= Angle-resolved low-coherence interferometry =

Angle-resolved low-coherence interferometry (a/LCI) is an emerging biomedical imaging technology which uses the properties of scattered light to measure the average size of cell structures, including cell nuclei. The technology shows promise as a clinical tool for in situ detection of dysplastic, or precancerous tissue.

==Introduction==

A/LCI combines low-coherence interferometry with angle-resolved scattering to solve the inverse problem of determining scatterer geometry based on far field diffraction patterns. Similar to optical coherence domain reflectometry (OCDR) and optical coherence tomography (OCT), a/LCI uses a broadband light source in an interferometry scheme in order to achieve optical sectioning with a depth resolution set by the coherence length of the source. Angle-resolved scattering measurements capture light as a function of the scattering angle, and invert the angles to deduce the average size of the scattering objects via a computational light scattering model such as Mie theory, which predicts angles based on the size of the scattering sphere. Combining these techniques allows construction of a system that can measure average scatter size at various depths within a tissue sample.

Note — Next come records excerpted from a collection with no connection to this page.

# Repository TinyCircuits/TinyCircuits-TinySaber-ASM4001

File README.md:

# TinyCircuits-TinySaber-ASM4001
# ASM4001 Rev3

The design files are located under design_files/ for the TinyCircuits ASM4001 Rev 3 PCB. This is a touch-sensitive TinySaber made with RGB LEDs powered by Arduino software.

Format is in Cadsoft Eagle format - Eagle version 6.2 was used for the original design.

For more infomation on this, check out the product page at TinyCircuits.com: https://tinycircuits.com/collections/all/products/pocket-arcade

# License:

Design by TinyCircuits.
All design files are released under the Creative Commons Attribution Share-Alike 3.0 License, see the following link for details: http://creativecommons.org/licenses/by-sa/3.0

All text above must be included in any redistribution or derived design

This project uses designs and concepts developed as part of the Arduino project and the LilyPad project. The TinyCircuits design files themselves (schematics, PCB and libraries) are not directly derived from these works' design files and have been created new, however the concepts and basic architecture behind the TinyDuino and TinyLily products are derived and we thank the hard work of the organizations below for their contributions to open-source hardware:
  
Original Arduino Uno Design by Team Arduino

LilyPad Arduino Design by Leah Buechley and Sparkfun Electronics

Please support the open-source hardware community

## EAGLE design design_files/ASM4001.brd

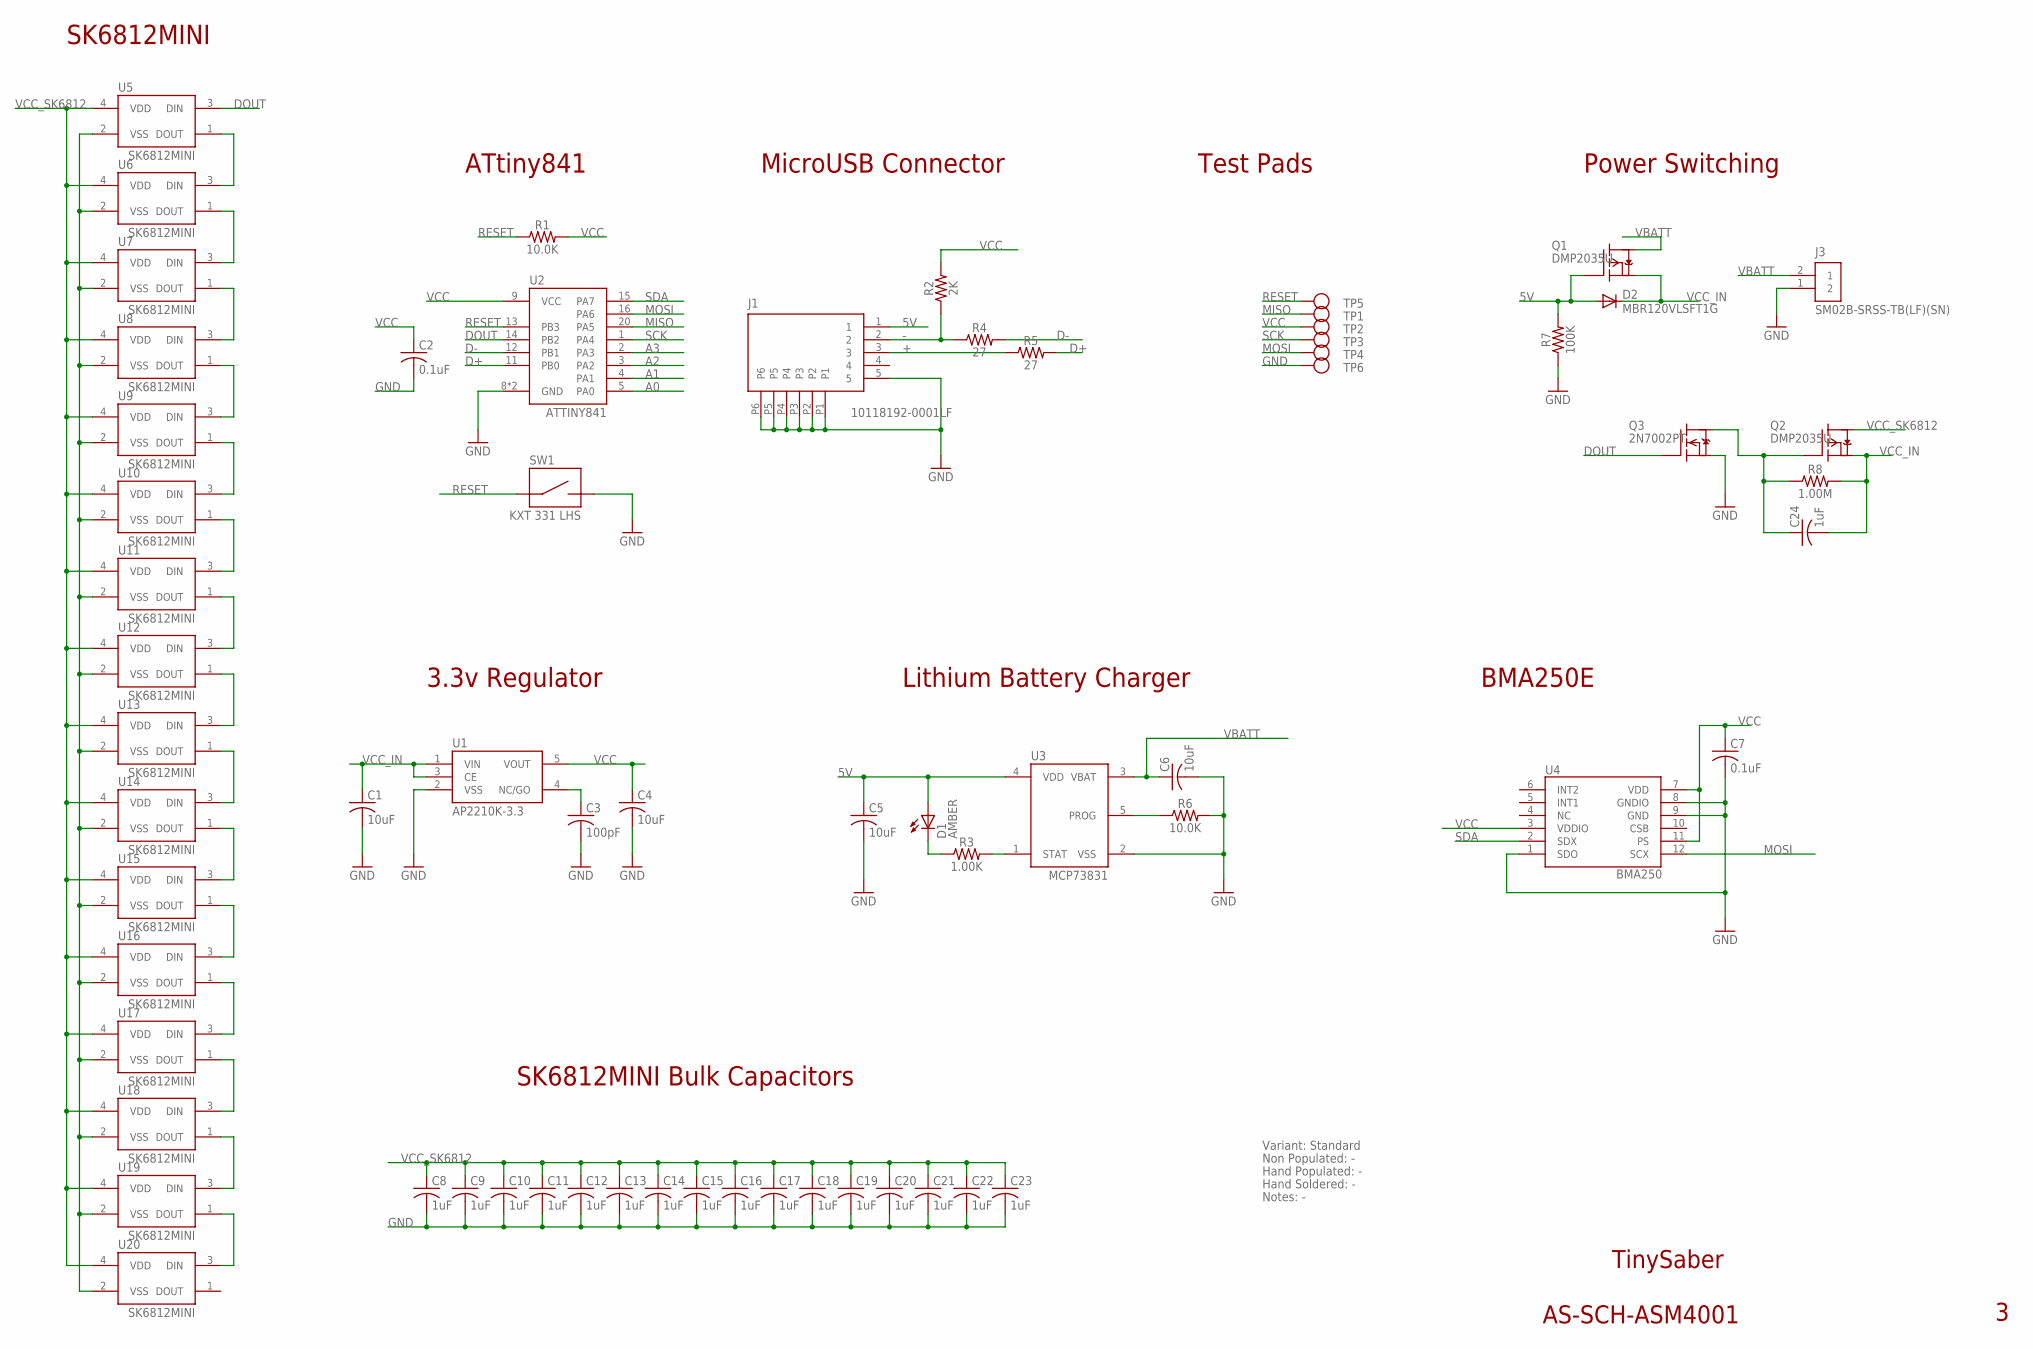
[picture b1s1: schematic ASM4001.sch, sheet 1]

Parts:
C1, C4, C5: 10uF; C0603; PARTNO AS-ITM-00002
C2, C7: 0.1uF; C0402
C3: 100pF; 0402; PARTNO AS-ITM-00148
C6: 10uF; C0603
C8, C9, C10, C11, C12, C13, C14, C15, C16, C17, C18, C19, C20, C21, C22, C23: 1uF; C0603; PARTNO AS-ITM-00410
C24: 1uF; C0402
D1: AMBER; 0402_LED
D2: MBR120VLSFT1G; SOD-123FL; PARTNO AS-ITM-00111
J1: 10118192-0001LF; MICRO_USB_ALT
J3: SM02B-SRSS-TB(LF)(SN); JST_SH_2X1
Q1: DMP2035U; SOT23
Q2: DMP2035U; SOT23A; PARTNO AS-ITM-00024
Q3: 2N7002PT; SOT-416
R1, R6: 10.0K; 0402
R2: 2K; 0402
R3: 1.00K; 0402
R4, R5: 27; 0402; PARTNO AS-ITM-00240
R7: 100K; 0402
R8: 1.00M; 0402; PARTNO AS-ITM-00005
SW1: KXT 331 LHS; KXT_LHS
TP1, TP2, TP3, TP4, TP5, TP6: TEST_POINT; TEST_POINT_1MM
U1: AP2210K-3.3; SOT-25; PARTNO AS-ITM-00344
U2: ATTINY841; VQFN-20
U3: MCP73831; SOT-23
U4: BMA250; 3-AXIS_ACCELEROMETER
U5, U6, U7, U8, U9, U10, U11, U12, U13, U14, U15, U16, U17, U18, U19, U20: SK6812MINI; PARTNO AS-ITM-00343

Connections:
5V: C5.1, D1.1 (A), D2.A, J1.1, Q1.B (G), R7.2, U3.4 (VDD)
+: J1.3, R5.1
-: J1.2, R2.1, R4.1
A0: U2.5 (PA0)
A1: U2.4 (PA1)
A2: U2.3 (PA2)
A3: U2.2 (PA3)
D+: R5.2, U2.11 (PB0)
D-: R4.2, U2.12 (PB1)
DOUT: Q3.1 (G), U2.14 (PB2), U5.3 (DIN)
GND: C1.2, C2.2, C3.2, C4.2, C5.2, C6.2, C7.2, C8.2, C9.2, C10.2, C11.2, C12.2, C13.2, C14.2, C15.2, C16.2, C17.2, C18.2, C19.2, C20.2, C21.2, C22.2, C23.2, J1.5, J1.P1, J1.P2, J1.P3, J1.P4, J1.P5, J1.P6, J3.1 (2), Q3.2 (S), R6.2, R7.1, SW1.2, TP6.P$1, U1.2 (VSS), U2.8 (GND), U2.PAD (GND), U3.2 (VSS), U4.1 (SDO), U4.8 (GNDIO), U4.9 (GND), U5.2 (VSS), U6.2 (VSS), U7.2 (VSS), U8.2 (VSS), U9.2 (VSS), U10.2 (VSS), U11.2 (VSS), U12.2 (VSS), U13.2 (VSS), U14.2 (VSS), U15.2 (VSS), U16.2 (VSS), U17.2 (VSS), U18.2 (VSS), U19.2 (VSS), U20.2 (VSS)
MISO: TP1.P$1, U2.20 (PA5)
MOSI: TP4.P$1, U2.16 (PA6), U4.12 (SCX)
unnamed: C3.1, U1.4 (NC/GO)
unnamed: U17.1 (DOUT), U18.3 (DIN)
unnamed: U18.1 (DOUT), U19.3 (DIN)
unnamed: U6.1 (DOUT), U7.3 (DIN)
unnamed: C24.1, Q2.B (G), Q3.3 (D), R8.1
unnamed: U19.1 (DOUT), U20.3 (DIN)
unnamed: R6.1, U3.5 (PROG)
unnamed: U5.1 (DOUT), U6.3 (DIN)
unnamed: U7.1 (DOUT), U8.3 (DIN)
unnamed: U8.1 (DOUT), U9.3 (DIN)
unnamed: R3.2, U3.1 (STAT)
unnamed: D1.2 (C), R3.1
unnamed: U9.1 (DOUT), U10.3 (DIN)
unnamed: U10.1 (DOUT), U11.3 (DIN)
unnamed: U11.1 (DOUT), U12.3 (DIN)
unnamed: U12.1 (DOUT), U13.3 (DIN)
unnamed: U13.1 (DOUT), U14.3 (DIN)
unnamed: U14.1 (DOUT), U15.3 (DIN)
unnamed: U15.1 (DOUT), U16.3 (DIN)
unnamed: U16.1 (DOUT), U17.3 (DIN)
RESET: R1.1, SW1.1, TP5.P$1, U2.13 (PB3)
SCK: TP3.P$1, U2.1 (PA4)
SDA: U2.15 (PA7), U4.2 (SDX)
VBATT: C6.1, J3.2 (1), Q1.C (D), U3.3 (VBAT)
VCC: C2.1, C4.1, C7.1, R1.2, R2.2, TP2.P$1, U1.5 (VOUT), U2.9 (VCC), U4.3 (VDDIO), U4.7 (VDD), U4.11 (PS)
VCC_IN: C1.1, C24.2, D2.C, Q1.E (S), Q2.E (S), R8.2, U1.1 (VIN), U1.3 (CE)
VCC_SK6812: C8.1, C9.1, C10.1, C11.1, C12.1, C13.1, C14.1, C15.1, C16.1, C17.1, C18.1, C19.1, C20.1, C21.1, C22.1, C23.1, Q2.C (D), U5.4 (VDD), U6.4 (VDD), U7.4 (VDD), U8.4 (VDD), U9.4 (VDD), U10.4 (VDD), U11.4 (VDD), U12.4 (VDD), U13.4 (VDD), U14.4 (VDD), U15.4 (VDD), U16.4 (VDD), U17.4 (VDD), U18.4 (VDD), U19.4 (VDD), U20.4 (VDD)

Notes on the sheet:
TinySaber
AS-SCH-ASM4001
Test Pads
MicroUSB Connector
ATtiny841
Power Switching
3.3v Regulator
Lithium Battery Charger
BMA250E
SK6812MINI
SK6812MINI Bulk Capacitors
Variant: Standard
Non Populated: -
Hand Populated: -
Hand Soldered: -
Notes: -

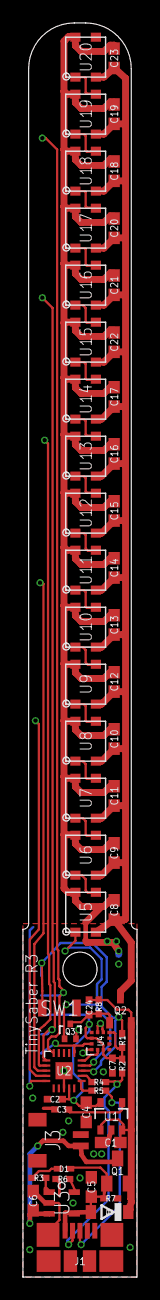
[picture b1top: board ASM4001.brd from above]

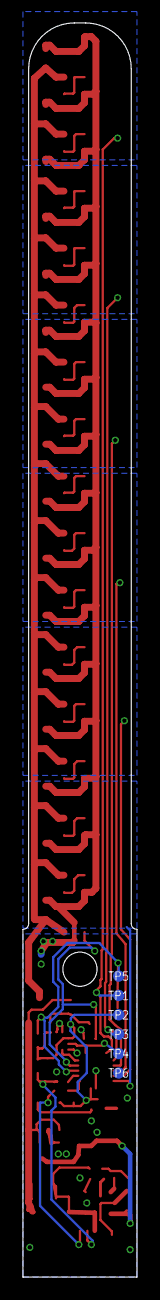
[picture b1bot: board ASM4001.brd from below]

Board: 2 copper layers, 10.0 x 110.0 mm, 67 parts (6 on the bottom side), 36 nets.

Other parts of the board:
U$1: DOCFIELD-TINYCIRCUITS-PCB

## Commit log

2019-10-17 design files

At present the most significant medical application of the technology is determining the state of tissue health based on measurements of average cell nuclei size. It has been found that as tissue changes from normal to cancerous, the average cell nuclei size increases. Several recent studies have shown that via cell nuclei measurements, a/LCI can detect the presence of low- and high-grade dysplasia with 91% sensitivity and distinguish between normal and dysplastic with 97% specificity.

==History==

Since 2000, light scattering systems have been used for biomedical applications such as the study of cellular morphology as well as the diagnosis of dysplasia. Variations in scattering distributions as a function of angle or wavelength have been used to deduce information regarding the size of cells and subcellular objects such as nuclei and organelles. These size measurements can then be used diagnostically to detect tissue changes—including neoplastic changes (those leading to cancer).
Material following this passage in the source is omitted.